(Task to complete):
In the entries below, find each line with the word "Terminator" and pull it out.

(Records from a data collection)
[Start of section]
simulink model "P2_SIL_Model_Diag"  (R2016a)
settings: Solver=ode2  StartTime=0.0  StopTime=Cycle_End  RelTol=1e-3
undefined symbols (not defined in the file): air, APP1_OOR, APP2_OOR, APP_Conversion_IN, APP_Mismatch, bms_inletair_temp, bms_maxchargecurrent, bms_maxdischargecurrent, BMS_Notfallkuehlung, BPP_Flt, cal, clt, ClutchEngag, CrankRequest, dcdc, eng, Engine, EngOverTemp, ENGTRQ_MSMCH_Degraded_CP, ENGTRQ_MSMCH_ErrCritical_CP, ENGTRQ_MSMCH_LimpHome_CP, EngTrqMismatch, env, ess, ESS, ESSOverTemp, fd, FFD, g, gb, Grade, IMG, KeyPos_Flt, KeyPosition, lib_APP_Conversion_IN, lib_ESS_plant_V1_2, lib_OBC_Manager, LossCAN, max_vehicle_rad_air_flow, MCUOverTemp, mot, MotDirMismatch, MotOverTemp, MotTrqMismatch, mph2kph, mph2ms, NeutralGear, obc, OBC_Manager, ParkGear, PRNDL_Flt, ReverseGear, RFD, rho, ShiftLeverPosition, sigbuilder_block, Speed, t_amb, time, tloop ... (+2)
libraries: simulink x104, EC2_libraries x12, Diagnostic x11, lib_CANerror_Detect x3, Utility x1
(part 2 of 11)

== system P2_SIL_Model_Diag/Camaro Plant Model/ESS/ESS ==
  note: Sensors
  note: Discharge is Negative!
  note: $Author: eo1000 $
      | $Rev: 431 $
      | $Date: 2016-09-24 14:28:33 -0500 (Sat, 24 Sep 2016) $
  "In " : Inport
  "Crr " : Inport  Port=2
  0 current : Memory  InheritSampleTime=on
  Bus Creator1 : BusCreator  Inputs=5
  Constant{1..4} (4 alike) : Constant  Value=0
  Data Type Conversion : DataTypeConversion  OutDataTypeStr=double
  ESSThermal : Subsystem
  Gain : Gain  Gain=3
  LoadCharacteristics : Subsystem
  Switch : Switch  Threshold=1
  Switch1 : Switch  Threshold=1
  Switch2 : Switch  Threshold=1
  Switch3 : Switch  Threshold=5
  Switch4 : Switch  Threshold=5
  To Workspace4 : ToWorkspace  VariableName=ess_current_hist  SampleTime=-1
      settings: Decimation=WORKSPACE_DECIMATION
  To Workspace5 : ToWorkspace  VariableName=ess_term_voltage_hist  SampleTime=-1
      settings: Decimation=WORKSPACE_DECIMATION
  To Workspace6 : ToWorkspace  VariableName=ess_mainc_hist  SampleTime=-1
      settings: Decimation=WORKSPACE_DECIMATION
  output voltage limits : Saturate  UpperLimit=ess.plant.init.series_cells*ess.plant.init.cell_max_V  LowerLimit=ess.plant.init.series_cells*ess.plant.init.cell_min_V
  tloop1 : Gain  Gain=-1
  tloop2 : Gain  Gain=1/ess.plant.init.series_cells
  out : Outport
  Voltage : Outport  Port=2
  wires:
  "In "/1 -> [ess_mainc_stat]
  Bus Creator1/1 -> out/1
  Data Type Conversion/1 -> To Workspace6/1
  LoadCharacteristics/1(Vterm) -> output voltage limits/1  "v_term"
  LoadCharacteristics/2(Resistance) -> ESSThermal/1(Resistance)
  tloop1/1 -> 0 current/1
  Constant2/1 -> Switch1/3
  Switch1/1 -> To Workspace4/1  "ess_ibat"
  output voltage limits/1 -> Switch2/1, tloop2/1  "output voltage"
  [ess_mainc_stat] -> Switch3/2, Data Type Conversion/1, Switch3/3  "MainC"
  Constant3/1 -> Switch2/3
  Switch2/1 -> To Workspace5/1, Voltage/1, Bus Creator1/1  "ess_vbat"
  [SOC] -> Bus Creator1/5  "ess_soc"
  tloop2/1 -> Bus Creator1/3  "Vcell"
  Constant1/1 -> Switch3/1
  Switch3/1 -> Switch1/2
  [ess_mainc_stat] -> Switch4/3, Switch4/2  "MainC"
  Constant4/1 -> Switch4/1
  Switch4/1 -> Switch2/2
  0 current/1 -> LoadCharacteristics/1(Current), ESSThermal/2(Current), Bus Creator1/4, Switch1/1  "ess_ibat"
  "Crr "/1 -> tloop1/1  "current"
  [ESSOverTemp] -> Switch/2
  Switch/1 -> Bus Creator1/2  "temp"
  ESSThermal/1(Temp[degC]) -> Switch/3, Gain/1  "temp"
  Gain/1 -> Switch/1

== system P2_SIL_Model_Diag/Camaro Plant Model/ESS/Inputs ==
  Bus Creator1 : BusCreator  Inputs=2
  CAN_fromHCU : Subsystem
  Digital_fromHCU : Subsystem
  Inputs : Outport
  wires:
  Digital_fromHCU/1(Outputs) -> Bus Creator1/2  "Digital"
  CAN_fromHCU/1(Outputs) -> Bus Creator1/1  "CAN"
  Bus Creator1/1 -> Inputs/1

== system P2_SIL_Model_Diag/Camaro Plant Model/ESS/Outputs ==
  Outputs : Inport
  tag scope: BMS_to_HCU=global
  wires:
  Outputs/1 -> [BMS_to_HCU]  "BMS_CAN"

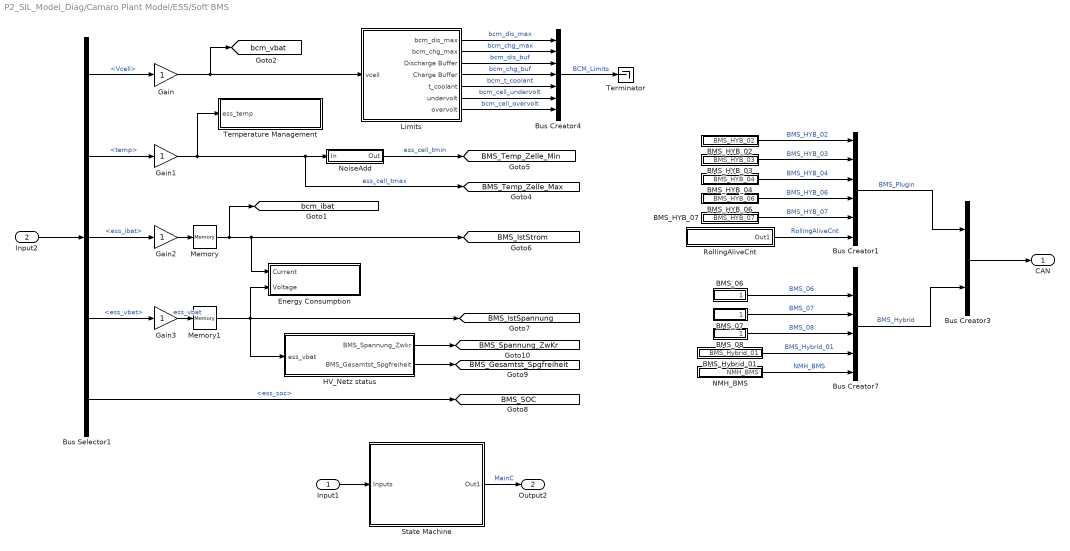
== system P2_SIL_Model_Diag/Camaro Plant Model/ESS/Soft BMS ==
  Input1 : Inport
  Input2 : Inport  Port=2
  BMS_06 : Subsystem
  BMS_07 : Subsystem
  "BMS_08 " : Subsystem
  BMS_HYB_02 : Subsystem
  BMS_HYB_03 : Subsystem
  BMS_HYB_04 : Subsystem
  BMS_HYB_06 : Subsystem
  BMS_HYB_07 : Subsystem
  BMS_Hybrid_01 : Subsystem
  Bus Creator1 : BusCreator  Inputs=6
  Bus Creator3 : BusCreator  Inputs=2
  Bus Creator4 : BusCreator  Inputs=7
  Bus Creator7 : BusCreator  Inputs=6
  Bus Selector1 : BusSelector  OutputSignals=Vcell,temp,ess_ibat,ess_vbat,ess_soc
  Energy Consumption : Subsystem
  Gain{,1..3} (4 alike) : Gain
  HV_Netz status : Subsystem
  Limits : Subsystem
  Memory : Memory
  Memory1 : Memory
  NMH_BMS : Subsystem
  NoiseAdd : Subsystem
  RollingAliveCnt : Subsystem
  State Machine : Subsystem
  Temperature Management : Subsystem
  Terminator : Terminator
  CAN : Outport
  Output2 : Outport  Port=2
  tag scope: BMS_Gesamtst_Spgfreiheit=global, BMS_IstSpannung=global, BMS_IstStrom=global, BMS_SOC=global, BMS_Spannung_ZwKr=global, BMS_Temp_Zelle_Max=global, BMS_Temp_Zelle_Min=global, bcm_ibat=global, bcm_vbat=global
  wires:
  State Machine/1(Out1) -> Output2/1  "MainC"
  Gain3/1 -> Memory1/1  "ess_vbat"
  Gain2/1 -> Memory/1
  Gain/1 -> [bcm_vbat], Limits/1(vcell)
  Input1/1 -> State Machine/1(Inputs)
  Input2/1 -> Bus Selector1/1
  Bus Selector1/3 -> Gain2/1  "<ess_ibat>"
  Bus Creator1/1 -> Bus Creator3/1  "BMS_Plugin"
  NoiseAdd/1(Out) -> [BMS_Temp_Zelle_Min]  "ess_cell_tmin"
  Bus Selector1/1 -> Gain/1  "<Vcell>"
  Bus Selector1/2 -> Gain1/1  "<temp>"
  Gain1/1 -> Temperature Management/1(ess_temp), NoiseAdd/1(In), [BMS_Temp_Zelle_Max]  "ess_cell_tmax"
  Limits/1(bcm_dis_max) -> Bus Creator4/1  "bcm_dis_max"
  Limits/3(Discharge Buffer) -> Bus Creator4/3  "bcm_dis_buf"
  Limits/4(Charge Buffer) -> Bus Creator4/4  "bcm_chg_buf"
  Limits/5(t_coolant) -> Bus Creator4/5  "bcm_t_coolant"
  Limits/2(bcm_chg_max) -> Bus Creator4/2  "bcm_chg_max"
  Bus Creator4/1 -> Terminator/1  "BCM_Limits"
  Bus Selector1/5 -> [BMS_SOC]  "<ess_soc>"
  Bus Selector1/4 -> Gain3/1  "<ess_vbat>"
  Limits/6(undervolt) -> Bus Creator4/6  "bcm_cell_undervolt"
  Limits/7(overvolt) -> Bus Creator4/7  "bcm_cell_overvolt"
  Bus Creator7/1 -> Bus Creator3/2  "BMS_Hybrid"
  "BMS_08 "/1(BMS_08) -> Bus Creator7/4  "BMS_08"
  BMS_06/1(BMS_06) -> Bus Creator7/2  "BMS_06"
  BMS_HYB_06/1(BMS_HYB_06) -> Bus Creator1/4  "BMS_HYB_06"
[End of section]
(Written answer):
  Terminator : Terminator
  Bus Creator4/1 -> Terminator/1  "BCM_Limits"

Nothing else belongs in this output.